Postby admin » Sun Feb 08, 2009 4:23 am

After testing the terrific Papago! Navigator Z-820, we will never view GPS units the same way again.

I HAVE been peering into a lot of cars lately while stopped at the traffic light.

It’s not because I’ve developed some perverse habit but because I’m starting to notice that a lot of people now have some kind of GPS device installed into their cars.

This has to be a testament to how popular GPS has actually become in a short space of a few years.

While most GPS units on the market today feature variants of the same MapKing software, the rather oddly-named Papago! from Navitech has something quite unusual.

It’s one of the first GPS units I’ve seen that displays 3D ­buildings, a feature usually found on pricey, high-end units. While this in itself isn’t a good reason to get the Papago!, there are a few other tweaks which makes it an interesting proposition compared with other GPS units.

Bits and bobs

Inside the box you will find the usual complement of accessories — you get a short windscreen suction cup holder, a car charger, a USB cable, a stylus and that’s about it. The unit itself already has 2GB of memory built in so it doesn’t come bundled with a storage card, although the Papago! has a standard SD expansion slot on its side for additional memory if you need it.
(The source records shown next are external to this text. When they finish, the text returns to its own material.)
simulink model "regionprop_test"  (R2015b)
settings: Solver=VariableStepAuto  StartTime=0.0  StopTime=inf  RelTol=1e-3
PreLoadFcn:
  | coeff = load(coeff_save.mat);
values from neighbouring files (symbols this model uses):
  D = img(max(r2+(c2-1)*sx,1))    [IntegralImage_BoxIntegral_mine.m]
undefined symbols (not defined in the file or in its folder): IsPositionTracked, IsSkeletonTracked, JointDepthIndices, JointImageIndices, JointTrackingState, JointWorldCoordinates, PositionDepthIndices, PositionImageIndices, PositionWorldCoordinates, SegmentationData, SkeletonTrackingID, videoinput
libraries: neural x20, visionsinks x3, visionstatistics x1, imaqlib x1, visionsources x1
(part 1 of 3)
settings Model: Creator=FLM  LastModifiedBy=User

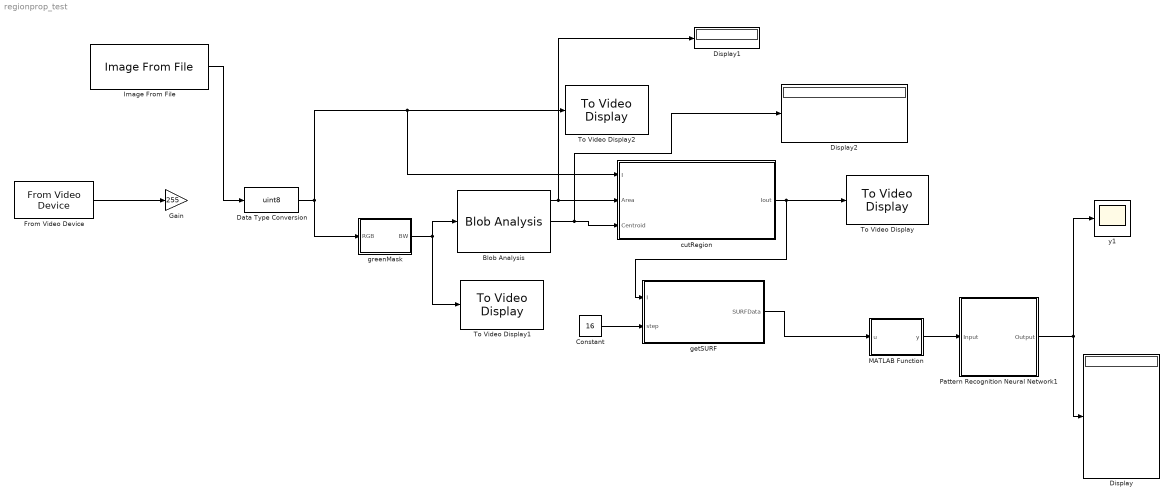
== system regionprop_test ==
  Blob Analysis : visionstatistics/Blob Analysis  Tag=vipblks_row_conv  area=on  centroid=on  bBox=on  majorAxis=off  minorAxis=off  angle=off  eccentricity=off  equivDiameterSq=off  extent=off  perimeter=off  maxBlobs=10  warnIfNumBlobsExceeded=on  isCount=off  useMinArea=off  minArea=0  useMaxArea=off  maxArea=intmax('uint32')  excludeBorderBlob=off  outDT=double  isOutVarDim=off  isFill=on  fillValues=-1  conn=8  isLabel=off  outputMode=Binary point scaling  outputWordLength=32  outputFracLength=16  firstCoeffMode=Binary point scaling  firstCoeffWordLength=16  firstCoeffFracLength=14  secondCoeffMode=Binary point scaling  secondCoeffWordLength=32  secondCoeffFracLength=16  accumMode=Binary point scaling  accumWordLength=32  accumFracLength=0  prodOutputMode=Binary point scaling  prodOutputWordLength=32  prodOutputFracLength=16  roundingMode=Floor  overflowMode=off
  Constant : Constant  Value=16
  Data Type Conversion : DataTypeConversion  OutDataTypeStr=uint8
  Display : Display
  Display1 : Display
  Display2 : Display
  From Video Device : imaqlib/From Video Device  DeviceMenu=winvideo 1 (1.3M HD WebCam)  Device=winvideo 1 (Microsoft? LifeCam Cinema(TM))  ObjConstructor=videoinput('winvideo', 1)  VideoFormatMenu=MJPG_1280x800  VideoFormat=MJPG_320x240  VideoSource=input1  ROIPosition=[0 0 240 320]  EnableHWTrigger=off  TriggerConfiguration=winvideo 1 (1.3M HD WebCam)  SampleTime=1/30  OutputPortsMode=One multidimensional signal  DataType=single  CanDoHWTrigger=no  ReturnedColorSpace=rgb  BlockHandle=1970.0024  ROIWidth=320  ROIHeight=240  ROIColumn=0  ROIRow=0  EngXMLPath=D:\Program Files\MATLAB\R2015b\toolbox\imaq\imaq\private  DevXMLPath=D:\MATLAB\SupportPackages\R2015b\osgenericvideointerface\toolbox\imaq\supportpackages\genericvideo\adaptor\win64  EngLibPath=D:\Program Files\MATLAB\R2015b\toolbox\imaq\imaqblks\imaqmex\win64  ColorSpace=rgb  BayerSensorAlignment=grbg  AllMetadata=IsPositionTracked;IsSkeletonTracked;JointDepthIndices;JointImageIndices;JointTrackingState;JointWorldCoordinates;PositionDepthIndices;PositionImageIndices;PositionWorldCoordinates;SegmentationData;SkeletonTrackingID
  Gain : Gain  Gain=255
  Image From File : visionsources/Image From File  Tag=vipblks_nd  FileName=C:\Users\User\Documents\Ponts 2015-2016\Projet dpt\github\Robot-Sur-Mars\BiggerObjects\Glue\Glue1.png  imagePorts=One multidimensional signal  Ts=inf  ImageDataType=Inherit from input image  Signed=on  WordLength=16  sdImageDataType=uint(8)  FractionLengthMode=User-defined  FractionLength=15  OutPortLabels=R|G|B
  MATLAB Function : MATLAB Function  TreatAsAtomicUnit=on
  Pattern Recognition Neural Network1 : Subsystem
      mask help: Pattern Recognition Neural Network
      mask Display: e = 0.06;c1 = [120 150 230]/255;c2 = ([120 150 230]+0)/383;c3 = ([120 150 230]+128)/383;patch([0 1 1 0],[0 0 1 1],c1);patch([0 1 1 1-e 1-e 0+e],[0 0 1 1-e 0+e 0+e],c2);patch([0 0 1 1-e 0+e 0+e],[0 1 1 1-e 1-e 0+e],c3);plot([0 1 1 0 0],[0 0 1 1 0]);fprintf('NNET');port_label('input',1,' Input');port_label('output',1,'Output ');
  To Video Display : visionsinks/To Video Display  windowSizeMode=Normal  openAtMdlStart=on  fullScreen=off  videoWindowX=1478  videoWindowY=273  saveWindowSize=off  videoWindowWidth=160  videoWindowHeight=160  inputColorFormat=RGB  inputType=Obsolete  imagePorts=One multidimensional signal  OutputDevice=On-screen video monitor  dataOrg=Column-major  isWindowOpen=off
  To Video Display1 : visionsinks/To Video Display  windowSizeMode=Normal  openAtMdlStart=on  fullScreen=off  videoWindowX=839  videoWindowY=303  saveWindowSize=off  videoWindowWidth=160  videoWindowHeight=160  inputColorFormat=RGB  inputType=Obsolete  imagePorts=One multidimensional signal  OutputDevice=On-screen video monitor  dataOrg=Column-major  isWindowOpen=off
  To Video Display2 : visionsinks/To Video Display  windowSizeMode=Normal  openAtMdlStart=on  fullScreen=off  videoWindowX=1504  videoWindowY=564  saveWindowSize=off  videoWindowWidth=160  videoWindowHeight=160  inputColorFormat=RGB  inputType=Obsolete  imagePorts=One multidimensional signal  OutputDevice=On-screen video monitor  dataOrg=Column-major  isWindowOpen=off
  cutRegion : MATLAB Function  TreatAsAtomicUnit=on
  getSURF : MATLAB Function  TreatAsAtomicUnit=on
  greenMask : MATLAB Function  TreatAsAtomicUnit=on
  y1 : Scope
      mask Display: e = 0.06;c1 = [120 230 180]/255;c2 = ([120 230 180]+0)/(256+128);c3 = ([120 230 180]+128)/(256+128);patch([0 1 1 0],[0 0 1 1],c1);patch([0 1 1 1-e 1-e 0+e],[0 0 1 1-e 0+e 0+e],c2);patch([0 0 1 1-e 0+e 0+e],[0 1 1 1-e 1-e 0+e],c3);plot([0 1 1 0 0],[0 0 1 1 0]);plot([0.15 0.85 0.85 0.15 0.15],[0.5 0.5 0.85 0.85 0.5]);
  wires:
  greenMask/1(BW) -> Blob Analysis/1, To Video Display1/1
  Blob Analysis/2 -> Display2/1, cutRegion/3(Centroid)
  Blob Analysis/1 -> cutRegion/2(Area), Display1/1
  Constant/1 -> getSURF/2(step)
  cutRegion/1(Iout) -> To Video Display/1, getSURF/1(I)
  From Video Device/1 -> Gain/1
  Data Type Conversion/1 -> cutRegion/1(I), To Video Display2/1, greenMask/1(RGB)
  getSURF/1(SURFData) -> MATLAB Function/1(u)
  MATLAB Function/1(y) -> Pattern Recognition Neural Network1/1(Input)
  Image From File/1 -> Data Type Conversion/1
  Pattern Recognition Neural Network1/1(Output) -> Display/1, y1/1

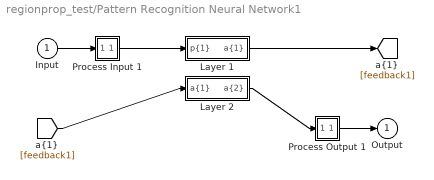
== system regionprop_test/Pattern Recognition Neural Network1 ==
  Input : Inport  PortDimensions=349
      mask Display: e = 0.06;c1 = [120 230 180]/255;c2 = ([120 230 180]+0)/(256+128);c3 = ([120 230 180]+128)/(256+128);patch([0 1 1 0],[0 0 1 1],c1);patch([0 1 1 1-e 1-e 0+e],[0 0 1 1-e 0+e 0+e],c2);patch([0 0 1 1-e 0+e 0+e],[0 1 1 1-e 1-e 0+e],c3);plot([0 1 1 0 0],[0 0 1 1 0]);
  Layer 1 : Subsystem
      mask Display: e = 0.06;c1 = [120 150 230]/255;c2 = ([120 150 230]+0)/383;c3 = ([120 150 230]+128)/383;patch([0 1 1 0],[0 0 1 1],c1);patch([0 1 1 1-e 1-e 0+e],[0 0 1 1-e 0+e 0+e],c2);patch([0 0 1 1-e 0+e 0+e],[0 1 1 1-e 1-e 0+e],c3);plot([0 1 1 0 0],[0 0 1 1 0]);
  Layer 2 : Subsystem
      mask Display: e = 0.06;c1 = [120 150 230]/255;c2 = ([120 150 230]+0)/383;c3 = ([120 150 230]+128)/383;patch([0 1 1 0],[0 0 1 1],c1);patch([0 1 1 1-e 1-e 0+e],[0 0 1 1-e 0+e 0+e],c2);patch([0 0 1 1-e 0+e 0+e],[0 1 1 1-e 1-e 0+e],c3);plot([0 1 1 0 0],[0 0 1 1 0]);
  Process Input 1 : Subsystem
      mask Display: e = 0.06;c1 = [120 150 230]/255;c2 = ([120 150 230]+0)/383;c3 = ([120 150 230]+128)/383;patch([0 1 1 0],[0 0 1 1],c1);patch([0 1 1 1-e 1-e 0+e],[0 0 1 1-e 0+e 0+e],c2);patch([0 0 1 1-e 0+e 0+e],[0 1 1 1-e 1-e 0+e],c3);plot([0 1 1 0 0],[0 0 1 1 0]);
  Process Output 1 : Subsystem
      mask Display: e = 0.06;c1 = [120 150 230]/255;c2 = ([120 150 230]+0)/383;c3 = ([120 150 230]+128)/383;patch([0 1 1 0],[0 0 1 1],c1);patch([0 1 1 1-e 1-e 0+e],[0 0 1 1-e 0+e 0+e],c2);patch([0 0 1 1-e 0+e 0+e],[0 1 1 1-e 1-e 0+e],c3);plot([0 1 1 0 0],[0 0 1 1 0]);
  Output : Outport  InitialOutput=[0;0;0;0;0;0;0]
      mask Display: e = 0.06;c1 = [120 230 180]/255;c2 = ([120 230 180]+0)/(256+128);c3 = ([120 230 180]+128)/(256+128);patch([0 1 1 0],[0 0 1 1],c1);patch([0 1 1 1-e 1-e 0+e],[0 0 1 1-e 0+e 0+e],c2);patch([0 0 1 1-e 0+e 0+e],[0 1 1 1-e 1-e 0+e],c3);plot([0 1 1 0 0],[0 0 1 1 0]);
  wires:
  Input/1 -> Process Input 1/1(x)
  Process Output 1/1(y) -> Output/1
  Process Input 1/1(p) -> Layer 1/1("p{1}")
  Layer 1/1("a{1}") -> [feedback1]
  [feedback1] -> Layer 2/1("a{1} ")
  Layer 2/1("a{2}") -> Process Output 1/1(a)

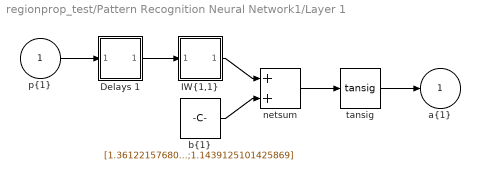
== system regionprop_test/Pattern Recognition Neural Network1/Layer 1 ==
  "p{1}" : Inport  PortDimensions=349
      mask Display: e = 0.06;c1 = [120 230 180]/255;c2 = ([120 230 180]+0)/(256+128);c3 = ([120 230 180]+128)/(256+128);patch([0 1 1 0],[0 0 1 1],c1);patch([0 1 1 1-e 1-e 0+e],[0 0 1 1-e 0+e 0+e],c2);patch([0 0 1 1-e 0+e 0+e],[0 1 1 1-e 1-e 0+e],c3);plot([0 1 1 0 0],[0 0 1 1 0]);
  Delays 1 : Subsystem
      mask Display: e = 0.06;c1 = [120 150 230]/255;c2 = ([120 150 230]+0)/383;c3 = ([120 150 230]+128)/383;patch([0 1 1 0],[0 0 1 1],c1);patch([0 1 1 1-e 1-e 0+e],[0 0 1 1-e 0+e 0+e],c2);patch([0 0 1 1-e 0+e 0+e],[0 1 1 1-e 1-e 0+e],c3);plot([0 1 1 0 0],[0 0 1 1 0]);disp('0');
  "IW{1,1}" : Subsystem
      mask Display: e = 0.06;c1 = [120 150 230]/255;c2 = ([120 150 230]+0)/383;c3 = ([120 150 230]+128)/383;patch([0 1 1 0],[0 0 1 1],c1);patch([0 1 1 1-e 1-e 0+e],[0 0 1 1-e 0+e 0+e],c2);patch([0 0 1 1-e 0+e 0+e],[0 1 1 1-e 1-e 0+e],c3);plot([0 1 1 0 0],[0 0 1 1 0]);disp('W');
  "b{1}" : Constant  Value=[1.3612215768095062;0.94369929257810814;0.60437891866296511;-0.47450873383855663;0.11435504802363132;0.13223426091816515;0.48270888985907545;0.62927800384169408;0.87499647086149779;1.1439125101425869]
      mask Display: e = 0.06;c1 = [120 150 230]/255;c2 = ([120 150 230]+0)/383;c3 = ([120 150 230]+128)/383;patch([0 1 1 0],[0 0 1 1],c1);patch([0 1 1 1-e 1-e 0+e],[0 0 1 1-e 0+e 0+e],c2);patch([0 0 1 1-e 0+e 0+e],[0 1 1 1-e 1-e 0+e],c3);plot([0 1 1 0 0],[0 0 1 1 0]);disp('b');
  netsum : Sum  Inputs=2  SaturateOnIntegerOverflow=on  InputSameDT=on  OutDataTypeStr=Inherit: Same as first input
      mask Display: e = 0.06;c1 = [120 150 230]/255;c2 = ([120 150 230]+0)/383;c3 = ([120 150 230]+128)/383;patch([0 1 1 0],[0 0 1 1],c1);patch([0 1 1 1-e 1-e 0+e],[0 0 1 1-e 0+e 0+e],c2);patch([0 0 1 1-e 0+e 0+e],[0 1 1 1-e 1-e 0+e],c3);plot([0 1 1 0 0],[0 0 1 1 0]);disp('+');
  tansig : neural/Transfer Functions/tansig
  "a{1}" : Outport  InitialOutput=[0;0;0;0;0;0;0;0;0;0]
      mask Display: e = 0.06;c1 = [120 230 180]/255;c2 = ([120 230 180]+0)/(256+128);c3 = ([120 230 180]+128)/(256+128);patch([0 1 1 0],[0 0 1 1],c1);patch([0 1 1 1-e 1-e 0+e],[0 0 1 1-e 0+e 0+e],c2);patch([0 0 1 1-e 0+e 0+e],[0 1 1 1-e 1-e 0+e],c3);plot([0 1 1 0 0],[0 0 1 1 0]);
  wires:
  "p{1}"/1 -> Delays 1/1("p{1}")
  Delays 1/1("pd{1,1}") -> "IW{1,1}"/1("pd{1,1}")
  "IW{1,1}"/1("iz{1,1}") -> netsum/1
  "b{1}"/1 -> netsum/2
  netsum/1 -> tansig/1
  tansig/1 -> "a{1}"/1

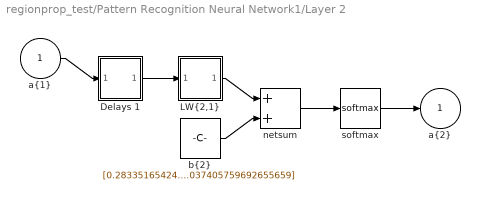
== system regionprop_test/Pattern Recognition Neural Network1/Layer 2 ==
  "a{1} " : Inport  PortDimensions=10
      mask Display: e = 0.06;c1 = [120 230 180]/255;c2 = ([120 230 180]+0)/(256+128);c3 = ([120 230 180]+128)/(256+128);patch([0 1 1 0],[0 0 1 1],c1);patch([0 1 1 1-e 1-e 0+e],[0 0 1 1-e 0+e 0+e],c2);patch([0 0 1 1-e 0+e 0+e],[0 1 1 1-e 1-e 0+e],c3);plot([0 1 1 0 0],[0 0 1 1 0]);
  Delays 1 : Subsystem
      mask Display: e = 0.06;c1 = [120 150 230]/255;c2 = ([120 150 230]+0)/383;c3 = ([120 150 230]+128)/383;patch([0 1 1 0],[0 0 1 1],c1);patch([0 1 1 1-e 1-e 0+e],[0 0 1 1-e 0+e 0+e],c2);patch([0 0 1 1-e 0+e 0+e],[0 1 1 1-e 1-e 0+e],c3);plot([0 1 1 0 0],[0 0 1 1 0]);disp('0');
  "LW{2,1}" : Subsystem
      mask Display: e = 0.06;c1 = [120 150 230]/255;c2 = ([120 150 230]+0)/383;c3 = ([120 150 230]+128)/383;patch([0 1 1 0],[0 0 1 1],c1);patch([0 1 1 1-e 1-e 0+e],[0 0 1 1-e 0+e 0+e],c2);patch([0 0 1 1-e 0+e 0+e],[0 1 1 1-e 1-e 0+e],c3);plot([0 1 1 0 0],[0 0 1 1 0]);disp('W');
  "b{2}" : Constant  Value=[0.28335165424471487;-0.7754437961341617;-0.038493880588752902;-0.37485200974363875;-1.1549457366976141;-0.28396333013774772;0.037405759692655659]
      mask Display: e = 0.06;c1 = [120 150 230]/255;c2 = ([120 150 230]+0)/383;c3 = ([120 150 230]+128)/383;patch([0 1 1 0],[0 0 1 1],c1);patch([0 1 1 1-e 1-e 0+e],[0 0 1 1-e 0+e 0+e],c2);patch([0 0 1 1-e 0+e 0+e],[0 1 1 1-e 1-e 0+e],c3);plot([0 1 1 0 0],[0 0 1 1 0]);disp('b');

The suction cup holder’s arm is pretty short, but on the upside, it’s quite adjustable and there was very little vibration when I was travelling on bumpy roads.

Feature-packed

Turn on the Papago! and you’ll be presented with a very bright 4.3in screen with a 480 x 272-pixel ­resolution. At first glance, the interface isn’t that much different from most GPS units running the MapKing ­software, but dig a little deeper and you’ll soon find that this isn’t MapKing.

For one thing, the interface is actually a lot easier to use and understand — the menus, icons and on-screen buttons are more logically laid out.

Going into the main navigation menu, you are presented with all the usual POI (points of interest), Roads, Favourites, Home, Office and even a Coordinates section.

The Coordinates section allows you to directly enter a latitude and longitude, say, from Google Earth, into the GPS and it will route you there.

Strangely enough, there’s no ­obvious Search icon on the main menu for you to find points of ­interests and roads in the entire database.

Instead, you first have to get into one of the sections (either Roads or POI) and click on All POIs and finally tap on the Keyword button to search.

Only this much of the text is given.